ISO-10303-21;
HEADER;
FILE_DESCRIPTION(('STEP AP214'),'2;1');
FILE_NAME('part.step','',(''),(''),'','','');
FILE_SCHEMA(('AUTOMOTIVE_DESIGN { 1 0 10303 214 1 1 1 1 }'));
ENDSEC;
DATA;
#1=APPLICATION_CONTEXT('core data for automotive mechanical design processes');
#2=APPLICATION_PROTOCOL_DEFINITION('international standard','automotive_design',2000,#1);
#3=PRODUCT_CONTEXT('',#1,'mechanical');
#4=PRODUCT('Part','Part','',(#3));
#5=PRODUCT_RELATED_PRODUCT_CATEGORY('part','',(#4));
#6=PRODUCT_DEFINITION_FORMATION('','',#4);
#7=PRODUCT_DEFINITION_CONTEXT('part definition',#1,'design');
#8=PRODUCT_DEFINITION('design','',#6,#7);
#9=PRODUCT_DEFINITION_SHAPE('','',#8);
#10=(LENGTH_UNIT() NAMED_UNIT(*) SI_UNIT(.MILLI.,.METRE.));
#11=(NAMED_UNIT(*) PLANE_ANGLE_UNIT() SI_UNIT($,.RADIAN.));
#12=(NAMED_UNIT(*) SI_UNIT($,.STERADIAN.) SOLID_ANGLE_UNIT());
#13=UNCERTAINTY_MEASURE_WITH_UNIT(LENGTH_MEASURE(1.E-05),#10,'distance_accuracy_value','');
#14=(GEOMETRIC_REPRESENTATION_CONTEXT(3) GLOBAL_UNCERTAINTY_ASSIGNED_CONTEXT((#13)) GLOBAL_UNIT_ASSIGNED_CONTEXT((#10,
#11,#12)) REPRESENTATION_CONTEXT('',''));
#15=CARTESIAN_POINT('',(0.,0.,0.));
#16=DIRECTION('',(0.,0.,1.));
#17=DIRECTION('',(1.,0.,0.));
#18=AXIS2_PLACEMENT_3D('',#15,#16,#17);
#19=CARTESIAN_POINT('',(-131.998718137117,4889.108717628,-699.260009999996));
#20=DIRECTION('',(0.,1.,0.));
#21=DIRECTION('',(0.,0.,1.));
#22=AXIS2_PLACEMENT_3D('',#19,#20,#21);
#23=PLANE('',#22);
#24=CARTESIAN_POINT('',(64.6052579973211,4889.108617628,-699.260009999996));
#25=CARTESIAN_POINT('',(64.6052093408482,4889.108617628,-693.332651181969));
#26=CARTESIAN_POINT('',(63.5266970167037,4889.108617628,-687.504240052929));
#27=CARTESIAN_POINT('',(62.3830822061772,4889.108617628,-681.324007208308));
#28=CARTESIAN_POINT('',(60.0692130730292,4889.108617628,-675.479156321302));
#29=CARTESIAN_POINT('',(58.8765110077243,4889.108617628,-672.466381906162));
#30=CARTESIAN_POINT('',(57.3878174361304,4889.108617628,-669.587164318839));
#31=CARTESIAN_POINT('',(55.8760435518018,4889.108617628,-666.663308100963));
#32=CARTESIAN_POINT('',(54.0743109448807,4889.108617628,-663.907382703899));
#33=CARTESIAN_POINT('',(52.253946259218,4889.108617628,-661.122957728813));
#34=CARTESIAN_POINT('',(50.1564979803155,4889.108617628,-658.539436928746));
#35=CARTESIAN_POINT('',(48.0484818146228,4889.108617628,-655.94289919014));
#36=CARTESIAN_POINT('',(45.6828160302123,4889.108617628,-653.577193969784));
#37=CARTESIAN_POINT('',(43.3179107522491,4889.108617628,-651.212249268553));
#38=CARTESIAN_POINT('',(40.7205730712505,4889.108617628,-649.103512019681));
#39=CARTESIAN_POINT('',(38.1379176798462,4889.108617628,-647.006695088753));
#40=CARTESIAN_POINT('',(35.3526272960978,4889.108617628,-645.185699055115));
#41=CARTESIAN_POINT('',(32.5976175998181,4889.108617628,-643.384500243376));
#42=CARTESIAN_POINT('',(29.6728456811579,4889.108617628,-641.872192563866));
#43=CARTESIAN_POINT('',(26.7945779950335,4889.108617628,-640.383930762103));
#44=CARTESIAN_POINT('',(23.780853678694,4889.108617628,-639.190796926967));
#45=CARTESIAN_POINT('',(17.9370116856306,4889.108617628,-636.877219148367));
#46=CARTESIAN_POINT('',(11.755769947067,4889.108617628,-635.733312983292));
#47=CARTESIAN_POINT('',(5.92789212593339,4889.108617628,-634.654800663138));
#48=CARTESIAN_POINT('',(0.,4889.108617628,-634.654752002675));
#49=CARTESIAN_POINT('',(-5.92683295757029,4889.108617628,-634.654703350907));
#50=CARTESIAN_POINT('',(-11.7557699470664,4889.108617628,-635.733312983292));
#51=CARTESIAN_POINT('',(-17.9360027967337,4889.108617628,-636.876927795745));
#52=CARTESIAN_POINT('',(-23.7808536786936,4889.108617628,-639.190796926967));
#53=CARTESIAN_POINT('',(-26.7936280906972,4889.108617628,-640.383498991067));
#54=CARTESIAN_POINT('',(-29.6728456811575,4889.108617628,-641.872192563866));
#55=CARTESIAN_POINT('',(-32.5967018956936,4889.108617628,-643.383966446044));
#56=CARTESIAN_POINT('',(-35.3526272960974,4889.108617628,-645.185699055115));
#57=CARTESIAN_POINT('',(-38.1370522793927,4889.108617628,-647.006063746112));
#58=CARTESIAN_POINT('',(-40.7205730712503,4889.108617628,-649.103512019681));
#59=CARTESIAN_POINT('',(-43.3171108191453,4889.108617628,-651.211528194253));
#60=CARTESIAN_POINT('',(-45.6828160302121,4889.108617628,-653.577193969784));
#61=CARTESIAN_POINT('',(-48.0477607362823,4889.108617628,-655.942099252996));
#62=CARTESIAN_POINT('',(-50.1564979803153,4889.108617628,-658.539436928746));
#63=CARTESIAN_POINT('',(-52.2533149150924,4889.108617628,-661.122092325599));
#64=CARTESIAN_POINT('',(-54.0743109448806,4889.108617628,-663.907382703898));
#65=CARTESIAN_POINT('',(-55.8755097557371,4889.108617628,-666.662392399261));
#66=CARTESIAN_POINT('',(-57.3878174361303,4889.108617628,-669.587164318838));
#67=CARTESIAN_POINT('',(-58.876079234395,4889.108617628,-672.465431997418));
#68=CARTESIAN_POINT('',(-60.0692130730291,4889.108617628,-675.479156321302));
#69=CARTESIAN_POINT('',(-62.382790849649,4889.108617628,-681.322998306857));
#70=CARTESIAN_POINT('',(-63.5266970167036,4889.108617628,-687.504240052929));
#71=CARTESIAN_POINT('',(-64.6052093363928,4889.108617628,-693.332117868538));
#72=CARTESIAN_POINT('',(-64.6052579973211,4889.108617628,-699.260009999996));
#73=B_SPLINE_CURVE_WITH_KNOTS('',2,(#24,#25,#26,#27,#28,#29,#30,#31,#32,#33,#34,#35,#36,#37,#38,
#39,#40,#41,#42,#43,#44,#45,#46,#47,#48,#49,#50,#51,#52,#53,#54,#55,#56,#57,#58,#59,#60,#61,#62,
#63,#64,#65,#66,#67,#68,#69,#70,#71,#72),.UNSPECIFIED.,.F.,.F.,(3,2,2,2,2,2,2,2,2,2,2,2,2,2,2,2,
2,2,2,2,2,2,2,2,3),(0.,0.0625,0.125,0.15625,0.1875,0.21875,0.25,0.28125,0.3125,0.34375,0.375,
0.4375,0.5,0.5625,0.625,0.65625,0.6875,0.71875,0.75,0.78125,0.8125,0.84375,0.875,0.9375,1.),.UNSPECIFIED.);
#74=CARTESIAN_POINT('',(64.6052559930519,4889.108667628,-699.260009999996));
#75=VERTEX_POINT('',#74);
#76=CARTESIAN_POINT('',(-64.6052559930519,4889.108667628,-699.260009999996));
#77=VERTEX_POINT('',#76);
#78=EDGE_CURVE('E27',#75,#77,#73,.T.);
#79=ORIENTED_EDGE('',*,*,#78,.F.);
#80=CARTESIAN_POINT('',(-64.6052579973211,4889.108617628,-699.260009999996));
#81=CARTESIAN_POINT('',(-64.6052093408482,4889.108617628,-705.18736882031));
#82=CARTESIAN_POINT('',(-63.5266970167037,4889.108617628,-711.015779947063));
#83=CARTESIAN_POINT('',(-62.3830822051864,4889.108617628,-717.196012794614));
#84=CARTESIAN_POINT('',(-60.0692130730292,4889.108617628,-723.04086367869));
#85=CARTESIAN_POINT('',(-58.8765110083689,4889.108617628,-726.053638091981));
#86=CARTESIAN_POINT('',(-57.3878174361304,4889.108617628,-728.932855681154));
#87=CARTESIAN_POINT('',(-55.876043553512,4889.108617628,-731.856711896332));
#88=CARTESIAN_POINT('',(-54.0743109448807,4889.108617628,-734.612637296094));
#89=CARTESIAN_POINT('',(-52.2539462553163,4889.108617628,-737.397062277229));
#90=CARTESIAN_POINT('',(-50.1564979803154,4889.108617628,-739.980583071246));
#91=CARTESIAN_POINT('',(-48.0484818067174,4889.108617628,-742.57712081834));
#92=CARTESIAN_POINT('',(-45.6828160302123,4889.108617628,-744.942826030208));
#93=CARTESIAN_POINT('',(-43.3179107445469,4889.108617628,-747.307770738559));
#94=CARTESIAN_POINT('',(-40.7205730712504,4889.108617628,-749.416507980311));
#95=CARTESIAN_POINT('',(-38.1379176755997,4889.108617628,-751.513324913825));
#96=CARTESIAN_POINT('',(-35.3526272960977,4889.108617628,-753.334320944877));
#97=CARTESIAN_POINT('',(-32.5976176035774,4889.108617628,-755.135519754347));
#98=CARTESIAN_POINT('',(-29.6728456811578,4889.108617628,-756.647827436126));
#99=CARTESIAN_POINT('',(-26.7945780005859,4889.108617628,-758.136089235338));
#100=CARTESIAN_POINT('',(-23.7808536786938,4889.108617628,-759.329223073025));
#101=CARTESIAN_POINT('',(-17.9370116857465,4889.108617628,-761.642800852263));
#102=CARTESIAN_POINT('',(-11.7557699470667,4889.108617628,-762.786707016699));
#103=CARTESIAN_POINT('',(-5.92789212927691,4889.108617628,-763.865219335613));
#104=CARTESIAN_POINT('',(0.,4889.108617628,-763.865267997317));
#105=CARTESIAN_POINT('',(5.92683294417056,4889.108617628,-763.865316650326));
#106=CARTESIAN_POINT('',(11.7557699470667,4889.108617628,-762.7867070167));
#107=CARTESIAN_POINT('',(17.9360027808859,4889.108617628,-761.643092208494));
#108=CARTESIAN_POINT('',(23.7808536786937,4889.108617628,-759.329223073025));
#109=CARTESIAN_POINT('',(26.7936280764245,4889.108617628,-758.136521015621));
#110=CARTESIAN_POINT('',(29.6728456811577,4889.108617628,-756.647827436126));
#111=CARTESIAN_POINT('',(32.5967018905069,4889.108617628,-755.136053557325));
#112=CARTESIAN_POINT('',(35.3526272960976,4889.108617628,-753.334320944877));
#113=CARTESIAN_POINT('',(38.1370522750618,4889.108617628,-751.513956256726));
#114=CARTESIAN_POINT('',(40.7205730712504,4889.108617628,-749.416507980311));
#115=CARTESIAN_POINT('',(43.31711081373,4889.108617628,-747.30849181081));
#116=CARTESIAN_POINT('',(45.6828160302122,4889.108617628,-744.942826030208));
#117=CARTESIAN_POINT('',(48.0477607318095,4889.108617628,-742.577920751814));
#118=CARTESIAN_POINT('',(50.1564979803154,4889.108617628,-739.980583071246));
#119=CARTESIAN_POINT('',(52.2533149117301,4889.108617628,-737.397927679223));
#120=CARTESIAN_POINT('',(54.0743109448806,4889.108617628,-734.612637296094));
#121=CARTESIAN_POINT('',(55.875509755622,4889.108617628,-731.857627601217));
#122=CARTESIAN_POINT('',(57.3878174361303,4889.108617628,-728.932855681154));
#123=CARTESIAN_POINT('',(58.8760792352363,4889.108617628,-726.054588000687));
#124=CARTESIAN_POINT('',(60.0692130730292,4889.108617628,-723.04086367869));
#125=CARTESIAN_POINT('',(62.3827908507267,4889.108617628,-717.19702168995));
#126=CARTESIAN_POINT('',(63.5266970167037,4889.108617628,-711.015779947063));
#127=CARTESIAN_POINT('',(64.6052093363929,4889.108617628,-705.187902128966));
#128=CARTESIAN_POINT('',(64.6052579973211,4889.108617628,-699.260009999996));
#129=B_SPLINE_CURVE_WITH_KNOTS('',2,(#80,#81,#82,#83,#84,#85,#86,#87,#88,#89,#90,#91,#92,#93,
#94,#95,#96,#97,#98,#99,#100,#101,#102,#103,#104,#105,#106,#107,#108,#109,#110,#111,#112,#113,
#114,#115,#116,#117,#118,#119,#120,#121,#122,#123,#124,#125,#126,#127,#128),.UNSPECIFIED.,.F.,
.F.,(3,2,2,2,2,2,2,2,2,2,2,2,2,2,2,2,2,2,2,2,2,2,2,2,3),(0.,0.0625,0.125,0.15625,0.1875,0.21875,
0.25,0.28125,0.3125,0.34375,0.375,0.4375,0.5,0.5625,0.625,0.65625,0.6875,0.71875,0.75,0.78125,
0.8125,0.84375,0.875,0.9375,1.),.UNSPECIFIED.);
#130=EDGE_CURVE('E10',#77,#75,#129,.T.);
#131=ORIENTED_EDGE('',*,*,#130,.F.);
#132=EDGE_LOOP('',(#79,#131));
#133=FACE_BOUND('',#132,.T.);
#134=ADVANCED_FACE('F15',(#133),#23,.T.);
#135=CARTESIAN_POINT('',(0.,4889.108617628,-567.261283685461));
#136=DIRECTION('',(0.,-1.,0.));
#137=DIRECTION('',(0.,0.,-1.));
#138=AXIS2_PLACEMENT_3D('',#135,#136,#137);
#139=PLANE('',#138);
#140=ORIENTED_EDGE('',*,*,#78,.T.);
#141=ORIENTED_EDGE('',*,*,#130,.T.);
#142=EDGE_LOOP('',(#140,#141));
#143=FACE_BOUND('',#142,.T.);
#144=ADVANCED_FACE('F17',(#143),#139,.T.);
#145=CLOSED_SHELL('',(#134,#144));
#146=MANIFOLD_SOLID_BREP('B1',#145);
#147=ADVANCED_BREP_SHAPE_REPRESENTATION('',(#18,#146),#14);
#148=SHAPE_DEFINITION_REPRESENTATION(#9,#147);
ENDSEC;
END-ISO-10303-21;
────────────────────
▶ _Your goal_
The reply should hold only the lines from the first line of the listing above through the line with "#23=PLANE('',#22);", each copied exactly.

▶ _Answer box_
ISO-10303-21;
HEADER;
FILE_DESCRIPTION(('STEP AP214'),'2;1');
FILE_NAME('part.step','',(''),(''),'','','');
FILE_SCHEMA(('AUTOMOTIVE_DESIGN { 1 0 10303 214 1 1 1 1 }'));
ENDSEC;
DATA;
#1=APPLICATION_CONTEXT('core data for automotive mechanical design processes');
#2=APPLICATION_PROTOCOL_DEFINITION('international standard','automotive_design',2000,#1);
#3=PRODUCT_CONTEXT('',#1,'mechanical');
#4=PRODUCT('Part','Part','',(#3));
#5=PRODUCT_RELATED_PRODUCT_CATEGORY('part','',(#4));
#6=PRODUCT_DEFINITION_FORMATION('','',#4);
#7=PRODUCT_DEFINITION_CONTEXT('part definition',#1,'design');
#8=PRODUCT_DEFINITION('design','',#6,#7);
#9=PRODUCT_DEFINITION_SHAPE('','',#8);
#10=(LENGTH_UNIT() NAMED_UNIT(*) SI_UNIT(.MILLI.,.METRE.));
#11=(NAMED_UNIT(*) PLANE_ANGLE_UNIT() SI_UNIT($,.RADIAN.));
#12=(NAMED_UNIT(*) SI_UNIT($,.STERADIAN.) SOLID_ANGLE_UNIT());
#13=UNCERTAINTY_MEASURE_WITH_UNIT(LENGTH_MEASURE(1.E-05),#10,'distance_accuracy_value','');
#14=(GEOMETRIC_REPRESENTATION_CONTEXT(3) GLOBAL_UNCERTAINTY_ASSIGNED_CONTEXT((#13)) GLOBAL_UNIT_ASSIGNED_CONTEXT((#10,
#11,#12)) REPRESENTATION_CONTEXT('',''));
#15=CARTESIAN_POINT('',(0.,0.,0.));
#16=DIRECTION('',(0.,0.,1.));
#17=DIRECTION('',(1.,0.,0.));
#18=AXIS2_PLACEMENT_3D('',#15,#16,#17);
#19=CARTESIAN_POINT('',(-131.998718137117,4889.108717628,-699.260009999996));
#20=DIRECTION('',(0.,1.,0.));
#21=DIRECTION('',(0.,0.,1.));
#22=AXIS2_PLACEMENT_3D('',#19,#20,#21);
#23=PLANE('',#22);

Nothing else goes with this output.